Microsoft è l’ultima, in ordine di tempo, ad aver firmato una sorta di assicurazione brevettuale offerta dalla startup RPX: la collaborazione dovrebbe servire a diminuire notevolmente numero e costi dei procedimenti intentati dai cosiddetti patent troll.
“È importante – ha dichiarato David Kaefer, general manager che si occupa di proprietà intellettuale a Redmond – che Microsoft compia tutti i passi possibili per minimizzare il rischio di conflitti brevettuali”. Nell’arco degli ultimi sei anni, d’altronde, Big M è stata portata in tribunale almeno 49 volte da società definibili come patent troll.
RPX è nata da 14 mesi, nell’arco dei quali ha acquistato brevetti (o licenze sui diritti) pari al venti per cento del mercato complessivo nel settore ICT e alcune fra le principali aziende del settore sono già diventate suoi clienti: si tratta del primo “defensive patent aggregator”, un contenitore di brevetti a scopo difensivo. Sorge cioè, per essere il peggior nemico dei patent troll ed il miglior alleato in una causa per infrazione brevettuale.
Un patent troll è la definizione spregiativa di una Non Practicing Entities (NPE), una società che acquista licenze e brevetti ma non li utilizza per offrire servizi o per la produzione di beni: distinguendosi sia dalle società che acquistano i brevetti (o licenze) attinenti ai propri prodotti, sia dalle università e dagli enti di ricerca che, pur non partecipando per la gran parte al processo produttivo, sono soggetti della ricerca e/o dello sviluppo del prodotto.
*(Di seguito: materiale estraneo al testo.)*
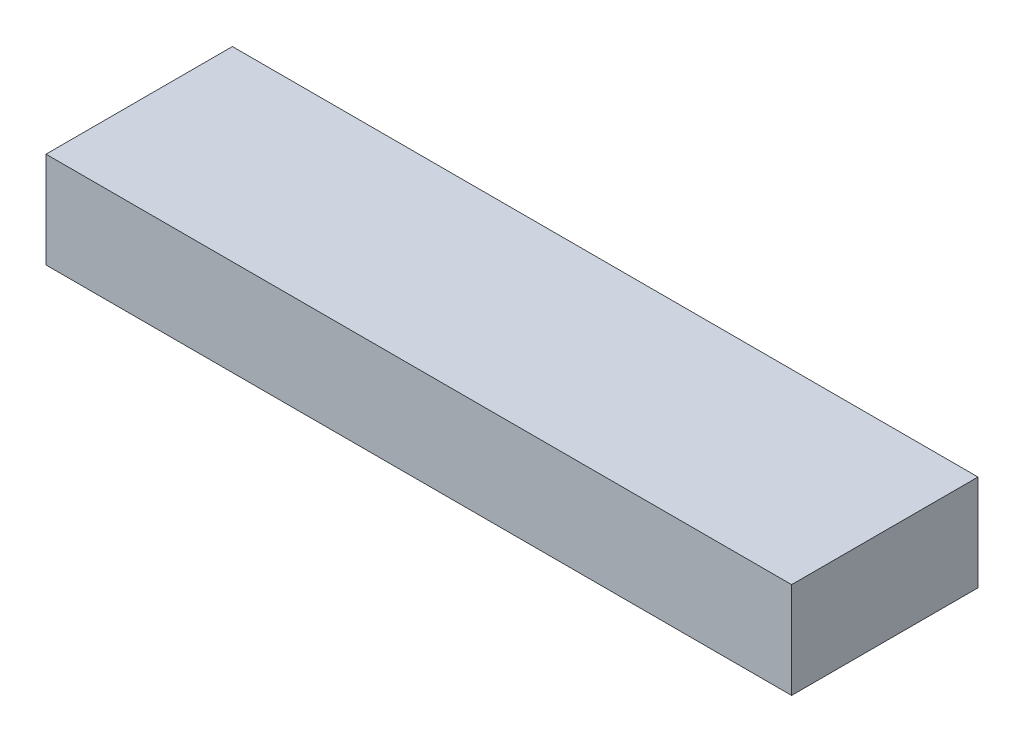
ISO-10303-21;
HEADER;
FILE_DESCRIPTION(('STEP AP214'),'2;1');
FILE_NAME('part.step','',(''),(''),'','','');
FILE_SCHEMA(('AUTOMOTIVE_DESIGN { 1 0 10303 214 1 1 1 1 }'));
ENDSEC;
DATA;
#1=APPLICATION_CONTEXT('core data for automotive mechanical design processes');
#2=APPLICATION_PROTOCOL_DEFINITION('international standard','automotive_design',2000,#1);
#3=PRODUCT_CONTEXT('',#1,'mechanical');
#4=PRODUCT('Part','Part','',(#3));
#5=PRODUCT_RELATED_PRODUCT_CATEGORY('part','',(#4));
#6=PRODUCT_DEFINITION_FORMATION('','',#4);
#7=PRODUCT_DEFINITION_CONTEXT('part definition',#1,'design');
#8=PRODUCT_DEFINITION('design','',#6,#7);
#9=PRODUCT_DEFINITION_SHAPE('','',#8);
#10=(LENGTH_UNIT() NAMED_UNIT(*) SI_UNIT(.MILLI.,.METRE.));
#11=(NAMED_UNIT(*) PLANE_ANGLE_UNIT() SI_UNIT($,.RADIAN.));
#12=(NAMED_UNIT(*) SI_UNIT($,.STERADIAN.) SOLID_ANGLE_UNIT());
#13=UNCERTAINTY_MEASURE_WITH_UNIT(LENGTH_MEASURE(1.E-05),#10,'distance_accuracy_value','');
#14=(GEOMETRIC_REPRESENTATION_CONTEXT(3) GLOBAL_UNCERTAINTY_ASSIGNED_CONTEXT((#13)) GLOBAL_UNIT_ASSIGNED_CONTEXT((#10,
#11,#12)) REPRESENTATION_CONTEXT('',''));
#15=CARTESIAN_POINT('',(0.,0.,0.));
#16=DIRECTION('',(0.,0.,1.));
#17=DIRECTION('',(1.,0.,0.));
#18=AXIS2_PLACEMENT_3D('',#15,#16,#17);
#19=CARTESIAN_POINT('',(8000.,-60.,2000.));
#20=DIRECTION('',(1.,0.,0.));
#21=DIRECTION('',(0.,0.,-1.));
#22=AXIS2_PLACEMENT_3D('',#19,#20,#21);
#23=PLANE('',#22);
#24=DIRECTION('',(0.,1.,0.));
#25=VECTOR('',#24,1.);
#26=CARTESIAN_POINT('',(8000.,-60.,-2000.));
#27=LINE('',#26,#25);
#28=CARTESIAN_POINT('',(8000.,-60.,-2000.));
#29=VERTEX_POINT('',#28);
#30=CARTESIAN_POINT('',(8000.,2000.,-2000.));
#31=VERTEX_POINT('',#30);
#32=EDGE_CURVE('E46',#29,#31,#27,.T.);
#33=ORIENTED_EDGE('',*,*,#32,.T.);
#34=DIRECTION('',(0.,0.,-1.));
#35=VECTOR('',#34,1.);
#36=CARTESIAN_POINT('',(8000.,2000.,2000.));
#37=LINE('',#36,#35);
#38=CARTESIAN_POINT('',(8000.,2000.,2000.));
#39=VERTEX_POINT('',#38);
#40=EDGE_CURVE('E84',#39,#31,#37,.T.);
#41=ORIENTED_EDGE('',*,*,#40,.F.);
#42=DIRECTION('',(0.,1.,0.));
#43=VECTOR('',#42,1.);
#44=CARTESIAN_POINT('',(8000.,-60.,2000.));
#45=LINE('',#44,#43);
#46=CARTESIAN_POINT('',(8000.,-60.,2000.));
#47=VERTEX_POINT('',#46);
#48=EDGE_CURVE('E11',#47,#39,#45,.T.);
#49=ORIENTED_EDGE('',*,*,#48,.F.);
#50=DIRECTION('',(0.,0.,-1.));
#51=VECTOR('',#50,1.);
#52=CARTESIAN_POINT('',(8000.,-60.,2000.));
#53=LINE('',#52,#51);
#54=EDGE_CURVE('E85',#47,#29,#53,.T.);
#55=ORIENTED_EDGE('',*,*,#54,.T.);
#56=EDGE_LOOP('',(#33,#41,#49,#55));
#57=FACE_BOUND('',#56,.T.);
#58=ADVANCED_FACE('F43',(#57),#23,.T.);
#59=CARTESIAN_POINT('',(-8000.,-60.,2000.));
#60=DIRECTION('',(0.,0.,1.));
#61=DIRECTION('',(1.,0.,0.));
#62=AXIS2_PLACEMENT_3D('',#59,#60,#61);
#63=PLANE('',#62);
#64=ORIENTED_EDGE('',*,*,#48,.T.);
#65=DIRECTION('',(1.,0.,0.));
#66=VECTOR('',#65,1.);
#67=CARTESIAN_POINT('',(-8000.,2000.,2000.));
#68=LINE('',#67,#66);
#69=CARTESIAN_POINT('',(-8000.,2000.,2000.));
#70=VERTEX_POINT('',#69);
#71=EDGE_CURVE('E103',#70,#39,#68,.T.);
#72=ORIENTED_EDGE('',*,*,#71,.F.);
#73=DIRECTION('',(0.,1.,0.));
#74=VECTOR('',#73,1.);
#75=CARTESIAN_POINT('',(-8000.,-60.,2000.));
#76=LINE('',#75,#74);
#77=CARTESIAN_POINT('',(-8000.,-60.,2000.));
#78=VERTEX_POINT('',#77);
#79=EDGE_CURVE('E52',#78,#70,#76,.T.);
#80=ORIENTED_EDGE('',*,*,#79,.F.);
#81=DIRECTION('',(1.,0.,0.));
#82=VECTOR('',#81,1.);
#83=CARTESIAN_POINT('',(-8000.,-60.,2000.));
#84=LINE('',#83,#82);
#85=EDGE_CURVE('E91',#78,#47,#84,.T.);
#86=ORIENTED_EDGE('',*,*,#85,.T.);
#87=EDGE_LOOP('',(#64,#72,#80,#86));
#88=FACE_BOUND('',#87,.T.);
#89=ADVANCED_FACE('F127',(#88),#63,.T.);
#90=CARTESIAN_POINT('',(-8000.,-60.,2000.));
#91=DIRECTION('',(-1.,0.,0.));
#92=DIRECTION('',(0.,0.,1.));
#93=AXIS2_PLACEMENT_3D('',#90,#91,#92);
#94=PLANE('',#93);
#95=ORIENTED_EDGE('',*,*,#79,.T.);
#96=DIRECTION('',(0.,0.,1.));
#97=VECTOR('',#96,1.);
#98=CARTESIAN_POINT('',(-8000.,2000.,2000.));
#99=LINE('',#98,#97);
#100=CARTESIAN_POINT('',(-8000.,2000.,-2000.));
#101=VERTEX_POINT('',#100);
#102=EDGE_CURVE('E99',#101,#70,#99,.T.);
#103=ORIENTED_EDGE('',*,*,#102,.F.);
#104=DIRECTION('',(0.,1.,0.));
#105=VECTOR('',#104,1.);
#106=CARTESIAN_POINT('',(-8000.,-60.,-2000.));
#107=LINE('',#106,#105);
#108=CARTESIAN_POINT('',(-8000.,-60.,-2000.));
#109=VERTEX_POINT('',#108);
#110=EDGE_CURVE('E90',#109,#101,#107,.T.);
#111=ORIENTED_EDGE('',*,*,#110,.F.);
#112=DIRECTION('',(0.,0.,1.));
#113=VECTOR('',#112,1.);
#114=CARTESIAN_POINT('',(-8000.,-60.,2000.));
#115=LINE('',#114,#113);
#116=EDGE_CURVE('E116',#109,#78,#115,.T.);
#117=ORIENTED_EDGE('',*,*,#116,.T.);
#118=EDGE_LOOP('',(#95,#103,#111,#117));
#119=FACE_BOUND('',#118,.T.);
#120=ADVANCED_FACE('F124',(#119),#94,.T.);
#121=CARTESIAN_POINT('',(-8000.,-60.,-2000.));
#122=DIRECTION('',(0.,0.,-1.));
#123=DIRECTION('',(-1.,0.,0.));
#124=AXIS2_PLACEMENT_3D('',#121,#122,#123);
#125=PLANE('',#124);
#126=ORIENTED_EDGE('',*,*,#110,.T.);
#127=DIRECTION('',(-1.,0.,0.));
#128=VECTOR('',#127,1.);
#129=CARTESIAN_POINT('',(-8000.,2000.,-2000.));
#130=LINE('',#129,#128);
#131=EDGE_CURVE('E93',#31,#101,#130,.T.);
#132=ORIENTED_EDGE('',*,*,#131,.F.);
#133=ORIENTED_EDGE('',*,*,#32,.F.);
#134=DIRECTION('',(-1.,0.,0.));
#135=VECTOR('',#134,1.);
#136=CARTESIAN_POINT('',(-8000.,-60.,-2000.));
#137=LINE('',#136,#135);
#138=EDGE_CURVE('E113',#29,#109,#137,.T.);
#139=ORIENTED_EDGE('',*,*,#138,.T.);
#140=EDGE_LOOP('',(#126,#132,#133,#139));
#141=FACE_BOUND('',#140,.T.);
#142=ADVANCED_FACE('F94',(#141),#125,.T.);
#143=CARTESIAN_POINT('',(0.,-60.,0.));
#144=DIRECTION('',(0.,-1.,0.));
#145=DIRECTION('',(0.,0.,-1.));
#146=AXIS2_PLACEMENT_3D('',#143,#144,#145);
#147=PLANE('',#146);
#148=ORIENTED_EDGE('',*,*,#54,.F.);
#149=ORIENTED_EDGE('',*,*,#85,.F.);
#150=ORIENTED_EDGE('',*,*,#116,.F.);
#151=ORIENTED_EDGE('',*,*,#138,.F.);
#152=EDGE_LOOP('',(#148,#149,#150,#151));
#153=FACE_BOUND('',#152,.T.);
#154=ADVANCED_FACE('F129',(#153),#147,.T.);
#155=CARTESIAN_POINT('',(0.,2000.,0.));
#156=DIRECTION('',(0.,-1.,0.));
#157=DIRECTION('',(0.,0.,-1.));
#158=AXIS2_PLACEMENT_3D('',#155,#156,#157);
#159=PLANE('',#158);
#160=ORIENTED_EDGE('',*,*,#40,.T.);
#161=ORIENTED_EDGE('',*,*,#131,.T.);
#162=ORIENTED_EDGE('',*,*,#102,.T.);
#163=ORIENTED_EDGE('',*,*,#71,.T.);
#164=EDGE_LOOP('',(#160,#161,#162,#163));
#165=FACE_BOUND('',#164,.T.);
#166=ADVANCED_FACE('F102',(#165),#159,.F.);
#167=CLOSED_SHELL('',(#58,#89,#120,#142,#154,#166));
#168=MANIFOLD_SOLID_BREP('B2',#167);
#169=ADVANCED_BREP_SHAPE_REPRESENTATION('',(#18,#168),#14);
#170=SHAPE_DEFINITION_REPRESENTATION(#9,#169);
ENDSEC;
END-ISO-10303-21;

RPX, fondata dall’avvocato brevettuale John Amster nel settembre 2008, si comporta praticamente come un patent troll, acquisendo licenze e brevetti da altre NPE, da piccole società o da singoli ricercatori, ma invece di utilizzarli per entrare in causa con altre aziende (uso offensivo mirato ad ottenere risarcimenti o royalty), vuole raccoglierne il maggior numero possibile per dotarsi di un portafoglio brevettuale da poter utilizzare a difesa delle società che – a un modico prezzo compreso tra i 35mila e 4,9 milioni di dollari (a seconda delle dimensioni) – avranno stipulato un abbonamento annuale.
La strategia difensiva si basa sulla raccolta del maggior numero di brevetti attinenti i prodotti del cliente (in un modus operandi speculare a quello del patent troll) in modo tale da creare un portafoglio brevetti tale da scongiurare il maggior numero di cause possibili. Non assicura alcun successo, ma promette di abbattere progressivamente il numero dei (costosissimi) processi brevettuali. Promette, inoltre, di non usare i brevetti così acquistati contro le società che non abbiano ancora sottoscritto un abbonamento.
La storia di RPX inizia durante il caso per infrazione brevettuale che vedeva Acacia Research contrapposta a 20 imputati: nel bel mezzo del processo la neonata RPX acquisì i brevetti di Acacia e offrì un accordo molto conveniente agli accusati. Da allora sono diventati suoi clienti, tra gli altri, MacAfee, Symantec, Sharp, Cisco, IBM, la società di servizi Enea e, da ultimo, Microsoft: in tutto già 30 clienti e un investimento di oltre 130 milioni di dollari per 1.100 brevetti (o licenze), statunitensi o internazionali, solo nel settore mobile, Internet, eCommerce, elettronica e telecomunicazioni. Praticamente, a pochi mesi dalla sua nascita, è diventata protagonista già del 20 per cento delle transazioni brevettuali complessive.
L’obiettivo, tuttavia, è incrementare queste cifre per congestionare il traffico e combattere i patent troll sul loro stesso campo : Amster, d’altronde, ha dichiarato che “se tutti diventassero nostri clienti, avremmo abbastanza soldi per comprare la maggior parte dei brevetti che per il momento sono a disposizione delle NPE”.